Kristi Noem Guts ICE Oversight as Detainee Deaths Surge
ICE Barbie Kristi Noem is making it harder to hold ICE accountable.

As Donald Trump has rapidly expanded immigration enforcement, he and his administration have also begun stripping government oversight—and people are already dying, according to a report published by CNN Tuesday.
Court documents filed in April as part of a lawsuit against the Trump administration revealed that the Trump administration effectively shuttered three watchdog organizations at the Department of Homeland Security. Employees at the Office for Civil Rights and Civil Liberties, or CRCL; the Citizenship and Immigration Services Ombudsman, or CISOMB; and the Office of the Immigration Detention Ombudsman, or OIDO, were abruptly suspended in March and given a separation date of May 23.
Homeland Security Secretary Kristi Noem’s budget requests for the fiscal year 2026, zeroed out the OIDO budget. The Trump administration has claimed that the budget request was merely a recommendation from the president, according to CNN.

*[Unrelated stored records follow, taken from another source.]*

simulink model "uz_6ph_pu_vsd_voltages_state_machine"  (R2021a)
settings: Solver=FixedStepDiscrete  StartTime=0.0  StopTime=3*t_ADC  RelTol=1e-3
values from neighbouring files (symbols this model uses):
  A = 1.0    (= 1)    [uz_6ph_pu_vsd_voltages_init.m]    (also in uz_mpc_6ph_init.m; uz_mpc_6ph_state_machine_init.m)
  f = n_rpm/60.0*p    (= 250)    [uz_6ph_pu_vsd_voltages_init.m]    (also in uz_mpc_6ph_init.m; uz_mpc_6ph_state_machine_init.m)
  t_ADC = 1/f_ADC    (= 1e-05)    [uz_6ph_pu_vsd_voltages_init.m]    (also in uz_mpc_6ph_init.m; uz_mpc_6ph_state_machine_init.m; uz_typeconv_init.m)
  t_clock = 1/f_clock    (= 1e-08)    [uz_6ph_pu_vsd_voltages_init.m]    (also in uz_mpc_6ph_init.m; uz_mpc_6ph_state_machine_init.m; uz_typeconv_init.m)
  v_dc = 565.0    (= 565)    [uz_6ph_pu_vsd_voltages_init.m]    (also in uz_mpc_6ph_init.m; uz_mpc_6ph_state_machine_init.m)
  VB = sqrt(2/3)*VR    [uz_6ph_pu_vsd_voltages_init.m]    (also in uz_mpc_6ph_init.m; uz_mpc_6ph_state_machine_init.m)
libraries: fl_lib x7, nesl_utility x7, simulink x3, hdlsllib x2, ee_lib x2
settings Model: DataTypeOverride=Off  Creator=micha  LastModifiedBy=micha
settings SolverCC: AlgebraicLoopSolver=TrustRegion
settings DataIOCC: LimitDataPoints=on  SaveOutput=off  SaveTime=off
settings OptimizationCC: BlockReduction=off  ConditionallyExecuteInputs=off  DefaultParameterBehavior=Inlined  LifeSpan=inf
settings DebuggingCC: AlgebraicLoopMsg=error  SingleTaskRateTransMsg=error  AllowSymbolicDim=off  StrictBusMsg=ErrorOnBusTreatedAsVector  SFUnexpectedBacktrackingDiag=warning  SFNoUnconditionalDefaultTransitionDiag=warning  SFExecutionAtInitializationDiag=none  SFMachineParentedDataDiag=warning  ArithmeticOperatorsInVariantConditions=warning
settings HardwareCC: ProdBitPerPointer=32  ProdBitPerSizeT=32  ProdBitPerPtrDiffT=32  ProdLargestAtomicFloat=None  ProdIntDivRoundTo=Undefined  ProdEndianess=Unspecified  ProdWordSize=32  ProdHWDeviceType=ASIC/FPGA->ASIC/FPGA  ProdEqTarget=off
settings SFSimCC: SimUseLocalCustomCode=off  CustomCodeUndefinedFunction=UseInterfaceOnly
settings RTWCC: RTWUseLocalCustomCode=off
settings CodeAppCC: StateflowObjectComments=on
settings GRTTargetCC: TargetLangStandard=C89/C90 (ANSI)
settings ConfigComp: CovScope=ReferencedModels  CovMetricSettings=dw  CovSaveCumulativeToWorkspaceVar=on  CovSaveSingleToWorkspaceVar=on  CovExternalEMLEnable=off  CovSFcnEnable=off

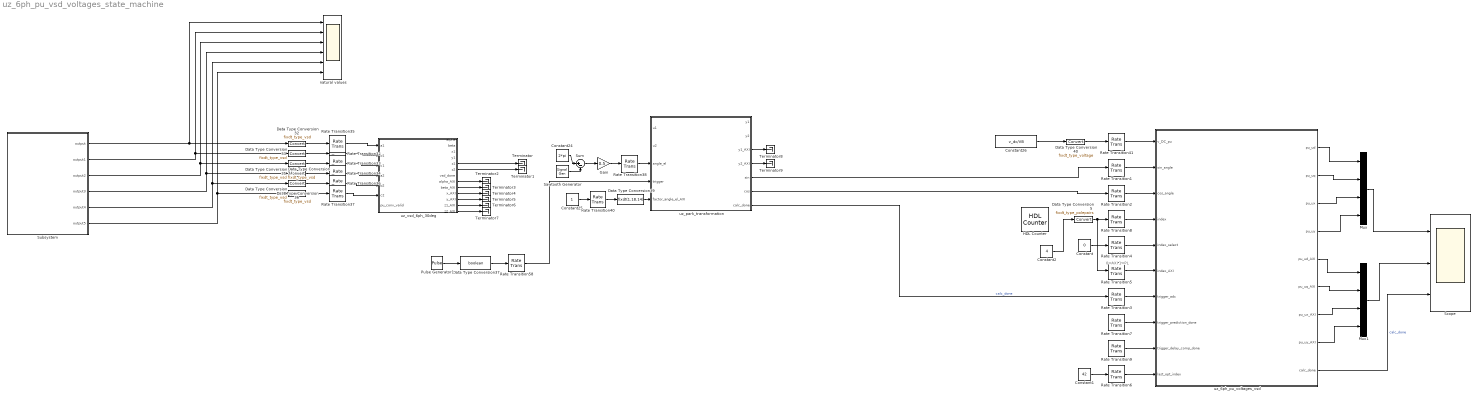
== system uz_6ph_pu_vsd_voltages_state_machine ==
  note: 0=AXI 1=PL
  Constant : Constant  Value=0  OutDataTypeStr=boolean
  Constant1 : Constant  Value=42  OutDataTypeStr=uint32
  Constant2 : Constant  Value=4  OutDataTypeStr=uint32
  Constant24 : Constant  Value=2*pi
  Constant25 : Constant
  Constant26 : Constant  Value=v_dc/VB
  Data Type Conversion{32..36,38} (6 alike) : DataTypeConversion  OutDataTypeStr=fixdt_type_vsd
  Data Type Conversion37 : DataTypeConversion  OutDataTypeStr=boolean
  Data Type Conversion39 : DataTypeConversion  OutDataTypeStr=fixdt(1,18,14)
  Data Type Conversion40 : DataTypeConversion  OutDataTypeStr=fixdt_type_voltage
  Data Type Conversion5 : DataTypeConversion  OutDataTypeStr=fixdt_type_polepairs
  Gain : Gain  Gain=0.5
  HDL Counter : hdlsllib/Sources/HDL Counter  CountType=Count limited  CountInit=1  CountStep=1  CountMax=64  CountFromType=Initial value  CountFrom=1  CountResetPort=off  CountLoadPort=off  CountEnbPort=off  CountDirPort=off  CountHitOutputPort=off  CountDataType=Unsigned  CountWordLen=8  CountFracLen=0  CountSampTime=t_ADC
  Mux : Mux
  Mux1 : Mux
  Pulse Generator1 : DiscretePulseGenerator  PulseType=Time based  Period=t_ADC  PulseWidth=5
  Rate Transition{1..2,4,32..38,40..41,58} (13 alike) : RateTransition  OutPortSampleTime=t_clock
  Rate Transition{3,5..9} (6 alike) : RateTransition  InitialCondition=1  OutPortSampleTime=t_clock
  Sawtooth Generator : SignalGenerator  WaveForm=sawtooth  Amplitude=2*pi  Frequency=2*pi*f  Units=rad/sec
  Scope : Scope  NumInputPorts=3
  Subsystem : Subsystem
  Sum : Sum  Inputs=|+-
  Terminator{,1..9} (10 alike) : Terminator
  natural values : Scope  NumInputPorts=6
  uz_6ph_pu_voltages_vsd : Subsystem  TreatAsAtomicUnit=on
  uz_park_transformation : Subsystem  TreatAsAtomicUnit=on
  uz_vsd_6ph_30deg : Subsystem  TreatAsAtomicUnit=on
  wires:
  Data Type Conversion5/1 -> Rate Transition8/1, Rate Transition5/1
  Rate Transition8/1 -> uz_6ph_pu_voltages_vsd/4(index)
  Constant26/1 -> Data Type Conversion40/1
  Rate Transition41/1 -> uz_6ph_pu_voltages_vsd/1(v_DC_pu)
  Data Type Conversion40/1 -> Rate Transition41/1
  Data Type Conversion35/1 -> Rate Transition34/1
  uz_vsd_6ph_30deg/5(z1) -> Terminator/1
  Rate Transition40/1 -> Data Type Conversion39/1
  Sawtooth Generator/1 -> Sum/2
  Constant25/1 -> Rate Transition40/1
  Data Type Conversion34/1 -> Rate Transition33/1
  Gain/1 -> Rate Transition38/1
  Subsystem/4(output3) -> Data Type Conversion35/1, natural values/4
  Sum/1 -> Gain/1
  Subsystem/5(output4) -> Data Type Conversion36/1, natural values/5
  Rate Transition33/1 -> uz_vsd_6ph_30deg/3(c1)
  uz_vsd_6ph_30deg/9(beta_AXI) -> Terminator3/1
  Rate Transition34/1 -> uz_vsd_6ph_30deg/4(a2)
  Rate Transition37/1 -> uz_vsd_6ph_30deg/6(c2)
  uz_vsd_6ph_30deg/6(z2) -> Terminator1/1
  uz_vsd_6ph_30deg/10(x_AXI) -> Terminator4/1
  Data Type Conversion39/1 -> uz_park_transformation/5(factor_angle_el_AXI)
  Subsystem/3(output2) -> Data Type Conversion34/1, natural values/3
  Subsystem/2(output1) -> natural values/2, Data Type Conversion33/1
  Data Type Conversion38/1 -> Rate Transition37/1
  Data Type Conversion33/1 -> Rate Transition32/1
  Rate Transition35/1 -> uz_vsd_6ph_30deg/1(a1)
  Rate Transition36/1 -> uz_vsd_6ph_30deg/5(b2)
  Constant24/1 -> Sum/1
  Subsystem/1(output) -> natural values/1, Data Type Conversion32/1
  uz_vsd_6ph_30deg/11(y_AXI) -> Terminator5/1
  Subsystem/6(output5) -> natural values/6, Data Type Conversion38/1
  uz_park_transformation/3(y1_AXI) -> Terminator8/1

While the DHS has claimed to have plans to reconstruct department oversight, rebuilding the watchdogs would likely take time—time that immigrant detainees don’t have. The new Citizenship and Immigration Services Ombudsman Ronald Sartini, the person charged with reassessing the DHS’s oversight efforts, was stranded as the only employee assigned to CISOMB, CRCL, and OIDO, according to CNN.
As DHS carries out a massive reduction in force, the size of its detainment and deportation operation has only grown. Since Trump’s inauguration in January, 60 local, state, and federal prisons—public and private—have been detaining immigrants for DHS and Immigration and Customs Enforcement.
At least 12 people have already died in ICE custody so far this year, the same number that died in all of 2024. Administration officials have brushed off these deaths as business as usual, but Michelle Brané, a former Immigration Detention Ombudsman, told CNN that the death toll “could be much higher.”
“People’s lives are at risk,” Brané said.
Katie Shepherd, who previously served as a senior policy advisor at CRCL before she was removed as part of the DHS oversight cuts, said the agency was moving in the wrong direction.
“As the Trump administration is doubling down on immigration enforcement, and the number of people in custody is rapidly increasing, we should be increasing oversight, not eliminating it,” Shepherd said.
When asked about the ongoing cases at CRCL, Assistant Secretary Tricia McLaughlin told CNN that the department was still “committed to civil rights,” claiming that CRCL had “actually undermined civil rights protections as well as basic federal law enforcement.”
“All legally required functions are still being carried out—but in a more efficient and cost-effective way, and without compromising the department’s core mission of securing the homeland,” McLaughlin said. “Oversight offices continue to receive and open new complaints and investigations.”